Just because you choose to ignore the fundamental differences between software and other commodities doesn't mean the gibberish you posted has any relevance to the discussion, or any relation to what you quoted.

For one thing, nothing you quoted (or anything I posted in this thread) had any references to the legality of transferring keys and, in fact, discusses why a standardized (as in, formally offered by Stardock) system for transfers is not a fit for Stardock's system.

Furthermore, the difference between a chair and a piece of software isn't that you have to pay to fix your chair when you break it.  It's that your chair isn't broken when you buy it.
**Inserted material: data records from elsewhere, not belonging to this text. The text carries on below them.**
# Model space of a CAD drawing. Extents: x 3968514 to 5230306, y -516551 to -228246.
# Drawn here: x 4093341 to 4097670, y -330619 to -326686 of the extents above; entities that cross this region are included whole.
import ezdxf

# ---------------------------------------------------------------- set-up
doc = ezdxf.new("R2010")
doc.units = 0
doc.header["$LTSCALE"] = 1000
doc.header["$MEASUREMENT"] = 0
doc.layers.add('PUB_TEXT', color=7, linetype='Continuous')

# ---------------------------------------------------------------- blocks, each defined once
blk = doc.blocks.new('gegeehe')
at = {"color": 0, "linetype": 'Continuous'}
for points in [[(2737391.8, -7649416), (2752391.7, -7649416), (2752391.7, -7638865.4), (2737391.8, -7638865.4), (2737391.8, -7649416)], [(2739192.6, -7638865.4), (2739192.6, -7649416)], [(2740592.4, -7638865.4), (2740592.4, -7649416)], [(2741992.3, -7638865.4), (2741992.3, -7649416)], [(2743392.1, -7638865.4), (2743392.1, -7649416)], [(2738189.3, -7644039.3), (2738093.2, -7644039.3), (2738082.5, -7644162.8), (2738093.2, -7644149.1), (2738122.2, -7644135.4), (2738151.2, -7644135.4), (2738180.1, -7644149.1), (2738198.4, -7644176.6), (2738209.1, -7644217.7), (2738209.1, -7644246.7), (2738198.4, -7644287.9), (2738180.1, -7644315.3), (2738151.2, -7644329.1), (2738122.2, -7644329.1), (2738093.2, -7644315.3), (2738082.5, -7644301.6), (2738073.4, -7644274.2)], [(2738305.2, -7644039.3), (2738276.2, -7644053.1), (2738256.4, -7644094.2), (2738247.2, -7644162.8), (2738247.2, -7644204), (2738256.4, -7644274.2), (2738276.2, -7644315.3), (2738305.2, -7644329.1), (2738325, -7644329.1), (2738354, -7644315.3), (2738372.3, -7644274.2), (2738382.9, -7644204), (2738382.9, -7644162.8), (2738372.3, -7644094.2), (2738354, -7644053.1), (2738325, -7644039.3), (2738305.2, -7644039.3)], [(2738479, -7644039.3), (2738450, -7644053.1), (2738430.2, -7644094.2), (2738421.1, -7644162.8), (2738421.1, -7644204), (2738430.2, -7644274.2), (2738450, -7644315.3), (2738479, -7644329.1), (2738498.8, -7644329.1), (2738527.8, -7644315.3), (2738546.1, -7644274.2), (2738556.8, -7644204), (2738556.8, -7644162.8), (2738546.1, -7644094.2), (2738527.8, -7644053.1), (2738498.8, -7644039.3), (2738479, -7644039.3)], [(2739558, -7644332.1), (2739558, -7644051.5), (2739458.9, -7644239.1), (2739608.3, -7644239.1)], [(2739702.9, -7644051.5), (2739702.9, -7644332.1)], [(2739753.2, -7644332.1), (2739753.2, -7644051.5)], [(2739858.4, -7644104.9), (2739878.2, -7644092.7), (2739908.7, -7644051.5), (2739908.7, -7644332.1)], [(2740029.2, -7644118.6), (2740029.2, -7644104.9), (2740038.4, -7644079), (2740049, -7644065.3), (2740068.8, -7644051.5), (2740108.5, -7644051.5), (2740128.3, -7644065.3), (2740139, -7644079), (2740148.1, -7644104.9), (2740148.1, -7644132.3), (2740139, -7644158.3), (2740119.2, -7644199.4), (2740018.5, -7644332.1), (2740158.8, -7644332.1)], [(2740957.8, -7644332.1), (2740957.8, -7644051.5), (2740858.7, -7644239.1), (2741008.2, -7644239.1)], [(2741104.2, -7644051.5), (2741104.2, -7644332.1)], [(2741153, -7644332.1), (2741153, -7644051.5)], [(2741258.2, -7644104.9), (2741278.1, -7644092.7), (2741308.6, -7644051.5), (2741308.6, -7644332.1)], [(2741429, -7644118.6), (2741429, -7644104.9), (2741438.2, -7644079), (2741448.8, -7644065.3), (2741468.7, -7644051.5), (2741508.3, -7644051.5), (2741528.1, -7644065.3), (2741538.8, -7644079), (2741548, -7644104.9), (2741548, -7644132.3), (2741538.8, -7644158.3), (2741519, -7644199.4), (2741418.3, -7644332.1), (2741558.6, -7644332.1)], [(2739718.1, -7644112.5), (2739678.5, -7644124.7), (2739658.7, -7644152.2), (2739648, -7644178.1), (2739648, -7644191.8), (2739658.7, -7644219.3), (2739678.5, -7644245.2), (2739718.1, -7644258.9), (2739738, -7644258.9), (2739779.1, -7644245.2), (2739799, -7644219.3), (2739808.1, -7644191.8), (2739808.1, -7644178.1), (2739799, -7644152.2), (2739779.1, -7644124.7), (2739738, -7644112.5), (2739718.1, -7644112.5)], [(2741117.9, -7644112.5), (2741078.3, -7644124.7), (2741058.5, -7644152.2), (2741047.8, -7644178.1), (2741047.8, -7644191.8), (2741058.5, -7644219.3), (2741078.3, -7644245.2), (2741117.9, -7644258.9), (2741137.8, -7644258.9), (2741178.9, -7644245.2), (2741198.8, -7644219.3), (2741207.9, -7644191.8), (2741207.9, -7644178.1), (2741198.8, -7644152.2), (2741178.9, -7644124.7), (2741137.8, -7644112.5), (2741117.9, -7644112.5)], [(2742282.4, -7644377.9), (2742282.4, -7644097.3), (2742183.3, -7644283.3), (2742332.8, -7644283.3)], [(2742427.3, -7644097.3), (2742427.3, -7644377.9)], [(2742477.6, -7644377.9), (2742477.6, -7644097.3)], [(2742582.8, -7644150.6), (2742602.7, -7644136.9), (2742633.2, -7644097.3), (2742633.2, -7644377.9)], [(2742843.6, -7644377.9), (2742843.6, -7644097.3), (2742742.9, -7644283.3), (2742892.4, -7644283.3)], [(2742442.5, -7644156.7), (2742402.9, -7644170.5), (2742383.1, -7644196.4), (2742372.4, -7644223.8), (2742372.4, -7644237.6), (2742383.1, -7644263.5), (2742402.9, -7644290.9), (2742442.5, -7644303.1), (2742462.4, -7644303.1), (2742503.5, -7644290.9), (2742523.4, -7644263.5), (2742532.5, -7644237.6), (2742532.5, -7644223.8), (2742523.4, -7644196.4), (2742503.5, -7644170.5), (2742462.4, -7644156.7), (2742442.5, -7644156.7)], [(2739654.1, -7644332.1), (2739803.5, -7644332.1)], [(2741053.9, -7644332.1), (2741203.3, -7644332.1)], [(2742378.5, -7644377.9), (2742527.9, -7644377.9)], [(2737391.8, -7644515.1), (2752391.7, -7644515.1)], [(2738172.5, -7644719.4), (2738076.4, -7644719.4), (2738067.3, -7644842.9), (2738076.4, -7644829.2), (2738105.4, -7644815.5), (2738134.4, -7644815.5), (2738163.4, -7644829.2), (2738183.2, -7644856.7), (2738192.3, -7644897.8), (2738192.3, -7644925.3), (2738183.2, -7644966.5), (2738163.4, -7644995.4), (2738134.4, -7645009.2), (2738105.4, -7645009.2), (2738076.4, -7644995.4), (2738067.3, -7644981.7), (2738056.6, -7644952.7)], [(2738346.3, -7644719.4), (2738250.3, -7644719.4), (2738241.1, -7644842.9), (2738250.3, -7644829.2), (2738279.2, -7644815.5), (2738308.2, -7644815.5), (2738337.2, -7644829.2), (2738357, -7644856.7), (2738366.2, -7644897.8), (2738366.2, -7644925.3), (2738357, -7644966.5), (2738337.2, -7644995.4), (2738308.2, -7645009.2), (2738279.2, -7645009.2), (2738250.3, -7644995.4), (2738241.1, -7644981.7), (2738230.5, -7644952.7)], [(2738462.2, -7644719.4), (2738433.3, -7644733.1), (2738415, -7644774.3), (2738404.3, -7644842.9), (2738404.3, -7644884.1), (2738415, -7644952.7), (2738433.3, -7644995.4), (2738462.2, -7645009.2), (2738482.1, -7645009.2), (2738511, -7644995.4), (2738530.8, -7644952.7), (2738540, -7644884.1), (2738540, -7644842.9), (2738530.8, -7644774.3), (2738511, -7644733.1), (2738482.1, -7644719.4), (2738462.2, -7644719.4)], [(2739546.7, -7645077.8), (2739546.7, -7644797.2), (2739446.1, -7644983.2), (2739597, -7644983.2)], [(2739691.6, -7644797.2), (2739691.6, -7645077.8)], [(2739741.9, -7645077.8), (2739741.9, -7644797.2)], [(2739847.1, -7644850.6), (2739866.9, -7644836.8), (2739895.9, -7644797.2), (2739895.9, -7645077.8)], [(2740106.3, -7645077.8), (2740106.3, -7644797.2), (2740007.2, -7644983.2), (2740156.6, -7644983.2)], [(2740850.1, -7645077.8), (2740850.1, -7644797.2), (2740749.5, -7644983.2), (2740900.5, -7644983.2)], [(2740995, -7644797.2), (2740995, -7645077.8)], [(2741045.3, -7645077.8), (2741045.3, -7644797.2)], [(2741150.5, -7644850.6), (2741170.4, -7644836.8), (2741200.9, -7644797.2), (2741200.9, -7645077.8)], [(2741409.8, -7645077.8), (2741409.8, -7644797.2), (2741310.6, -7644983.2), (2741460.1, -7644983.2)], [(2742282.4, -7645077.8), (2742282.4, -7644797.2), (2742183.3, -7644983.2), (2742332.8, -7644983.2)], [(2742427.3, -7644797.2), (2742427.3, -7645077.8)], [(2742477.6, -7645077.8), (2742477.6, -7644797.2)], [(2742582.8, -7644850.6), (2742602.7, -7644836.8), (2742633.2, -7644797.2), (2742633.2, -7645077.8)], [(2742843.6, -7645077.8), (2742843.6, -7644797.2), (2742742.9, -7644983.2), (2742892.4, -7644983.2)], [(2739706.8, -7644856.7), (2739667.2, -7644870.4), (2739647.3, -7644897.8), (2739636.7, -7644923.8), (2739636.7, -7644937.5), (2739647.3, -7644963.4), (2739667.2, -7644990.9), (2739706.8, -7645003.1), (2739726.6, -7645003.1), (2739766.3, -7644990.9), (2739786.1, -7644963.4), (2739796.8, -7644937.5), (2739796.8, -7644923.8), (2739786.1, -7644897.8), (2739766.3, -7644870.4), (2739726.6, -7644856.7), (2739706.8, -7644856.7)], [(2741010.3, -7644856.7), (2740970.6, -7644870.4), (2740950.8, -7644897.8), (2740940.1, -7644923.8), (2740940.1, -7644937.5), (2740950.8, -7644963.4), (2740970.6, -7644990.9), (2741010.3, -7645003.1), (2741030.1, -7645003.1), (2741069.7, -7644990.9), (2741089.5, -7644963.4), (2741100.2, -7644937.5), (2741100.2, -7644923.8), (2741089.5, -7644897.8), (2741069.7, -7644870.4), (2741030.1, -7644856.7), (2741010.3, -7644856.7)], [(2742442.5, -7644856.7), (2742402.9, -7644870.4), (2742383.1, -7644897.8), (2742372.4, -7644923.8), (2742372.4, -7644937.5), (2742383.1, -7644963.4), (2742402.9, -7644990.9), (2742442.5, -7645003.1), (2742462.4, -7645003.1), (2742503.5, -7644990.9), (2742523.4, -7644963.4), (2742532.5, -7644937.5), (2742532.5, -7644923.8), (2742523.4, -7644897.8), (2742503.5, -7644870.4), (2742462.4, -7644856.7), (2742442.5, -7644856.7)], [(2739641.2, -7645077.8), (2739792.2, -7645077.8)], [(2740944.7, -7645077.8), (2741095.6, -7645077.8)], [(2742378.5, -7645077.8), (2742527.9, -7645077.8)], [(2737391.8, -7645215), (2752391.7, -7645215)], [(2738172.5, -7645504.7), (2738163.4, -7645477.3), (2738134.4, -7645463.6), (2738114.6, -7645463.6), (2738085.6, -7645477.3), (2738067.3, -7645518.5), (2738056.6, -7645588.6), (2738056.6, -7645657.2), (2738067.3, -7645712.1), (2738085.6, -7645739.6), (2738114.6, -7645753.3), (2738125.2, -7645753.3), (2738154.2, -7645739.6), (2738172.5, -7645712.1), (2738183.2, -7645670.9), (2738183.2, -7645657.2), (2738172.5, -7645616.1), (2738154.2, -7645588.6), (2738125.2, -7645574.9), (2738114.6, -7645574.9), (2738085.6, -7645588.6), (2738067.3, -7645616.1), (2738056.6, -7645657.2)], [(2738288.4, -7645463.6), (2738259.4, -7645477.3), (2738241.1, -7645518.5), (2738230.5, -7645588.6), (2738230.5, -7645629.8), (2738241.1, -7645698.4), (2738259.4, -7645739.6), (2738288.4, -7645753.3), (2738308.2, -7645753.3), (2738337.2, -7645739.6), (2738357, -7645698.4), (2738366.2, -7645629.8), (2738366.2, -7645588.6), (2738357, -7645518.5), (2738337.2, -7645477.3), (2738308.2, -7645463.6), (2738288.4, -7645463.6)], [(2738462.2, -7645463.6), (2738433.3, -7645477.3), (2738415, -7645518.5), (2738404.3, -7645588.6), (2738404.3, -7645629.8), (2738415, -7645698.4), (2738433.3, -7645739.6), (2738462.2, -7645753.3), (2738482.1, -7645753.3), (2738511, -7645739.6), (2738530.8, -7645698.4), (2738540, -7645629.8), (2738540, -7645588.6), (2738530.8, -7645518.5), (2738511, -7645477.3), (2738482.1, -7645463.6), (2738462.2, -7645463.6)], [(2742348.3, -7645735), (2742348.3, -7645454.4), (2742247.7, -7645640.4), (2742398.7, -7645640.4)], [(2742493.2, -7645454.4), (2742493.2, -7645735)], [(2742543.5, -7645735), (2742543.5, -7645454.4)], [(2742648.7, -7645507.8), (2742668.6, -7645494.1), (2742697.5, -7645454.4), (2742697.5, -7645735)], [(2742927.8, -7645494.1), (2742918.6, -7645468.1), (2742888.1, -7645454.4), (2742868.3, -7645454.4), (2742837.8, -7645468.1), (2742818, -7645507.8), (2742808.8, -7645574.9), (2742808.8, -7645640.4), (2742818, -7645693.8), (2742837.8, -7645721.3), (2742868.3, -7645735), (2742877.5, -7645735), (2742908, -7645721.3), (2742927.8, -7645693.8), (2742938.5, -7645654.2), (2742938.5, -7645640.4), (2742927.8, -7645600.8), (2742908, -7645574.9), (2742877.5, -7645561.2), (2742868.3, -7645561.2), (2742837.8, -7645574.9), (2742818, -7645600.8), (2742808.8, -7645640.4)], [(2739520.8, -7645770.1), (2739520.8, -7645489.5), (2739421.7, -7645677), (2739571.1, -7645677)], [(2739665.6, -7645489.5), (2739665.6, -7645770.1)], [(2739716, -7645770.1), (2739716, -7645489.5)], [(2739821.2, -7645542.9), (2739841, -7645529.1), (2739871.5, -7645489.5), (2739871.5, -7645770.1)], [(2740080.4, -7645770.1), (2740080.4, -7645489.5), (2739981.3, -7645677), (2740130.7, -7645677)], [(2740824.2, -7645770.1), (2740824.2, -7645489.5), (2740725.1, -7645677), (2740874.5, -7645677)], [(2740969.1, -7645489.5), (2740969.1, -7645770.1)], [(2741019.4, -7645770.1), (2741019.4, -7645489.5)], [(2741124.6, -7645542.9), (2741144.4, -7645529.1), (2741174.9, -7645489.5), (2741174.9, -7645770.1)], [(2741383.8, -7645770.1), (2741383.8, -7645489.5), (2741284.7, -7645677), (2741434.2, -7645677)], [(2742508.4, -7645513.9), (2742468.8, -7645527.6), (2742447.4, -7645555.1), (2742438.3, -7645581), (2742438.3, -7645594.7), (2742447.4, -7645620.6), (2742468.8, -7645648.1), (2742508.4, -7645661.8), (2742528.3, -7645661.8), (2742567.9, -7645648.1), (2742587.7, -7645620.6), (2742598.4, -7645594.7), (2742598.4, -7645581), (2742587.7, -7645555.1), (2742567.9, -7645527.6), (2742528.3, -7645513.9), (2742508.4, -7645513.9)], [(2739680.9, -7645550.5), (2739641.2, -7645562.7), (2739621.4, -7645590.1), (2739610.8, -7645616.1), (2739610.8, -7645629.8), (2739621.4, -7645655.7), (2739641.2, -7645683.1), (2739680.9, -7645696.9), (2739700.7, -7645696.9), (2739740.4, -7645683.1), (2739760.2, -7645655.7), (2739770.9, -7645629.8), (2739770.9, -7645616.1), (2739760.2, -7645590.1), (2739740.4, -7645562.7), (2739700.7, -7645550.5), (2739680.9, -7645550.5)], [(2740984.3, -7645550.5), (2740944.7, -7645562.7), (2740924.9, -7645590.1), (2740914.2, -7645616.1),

Overgeneralizations don't help you much either. If you buy a game which does not work and support is unable to get it to work, you are allowed to return it and you'll even get refunded the retail price (so Stardock eats a loss, if you bought it retail). Now, having a bug does not constitute a "broken" game, so that no longer holds.

on Sep 25, 2008

Perhaps you should read your post again?  You specifically said resale should not be allowed.  The topic is whether or not resale should be allowed.  I said your post doesn't make an argument against resale and indirect support availability, only against transferring accounts so Stardock directly deals with the costs.

 

Now, having a bug does not constitute a "broken" game, so that no longer holds.

 

The arrogance of the software industry, it's systemic and I can't blame the individual developers but it's still bullshit.  Either something is broken, or it isn't.  There is no inbetween.  If Sins occasionally crashes, it's broken.  If it were a car, Stardock would have four chances to fix Sins, if I had more than four problems, the same problem four times, or any combination thereof, I would be entitled to a new, perfectly functioning copy, or a full refund.  If an actual car occasionally stopped working, it would cost the car company millions every time it caused a wreck.

 

The industry has refused to set and abide by standards to keep things simple.  They are, in effect, designed to be broken.  Instead of solving that, hopefully in the opposite direction Mac took, they decided to write licensing agreements that excuse them from any liability for all the defects they so rarely manage to clean up before sale.  Why do you think those caveats are in there, just to look nice?  Most companies try to excuse themselves from you being a complete moron and doing something really stupid, like putting your head in the vice or playing your radio in the bathtub.  Software companies tend to excuse themselves from everything, and then gift you with whatever quality of support they deem you worthy of.

on Sep 25, 2008

I fail to see why you're quoting me and then going on about pirates, the price of fuel, banks, and the capitalist system. I have zero sympathy for pirates. That's not at all what I was talking about.

 

Oh, but i do get the whole thing -don't worry.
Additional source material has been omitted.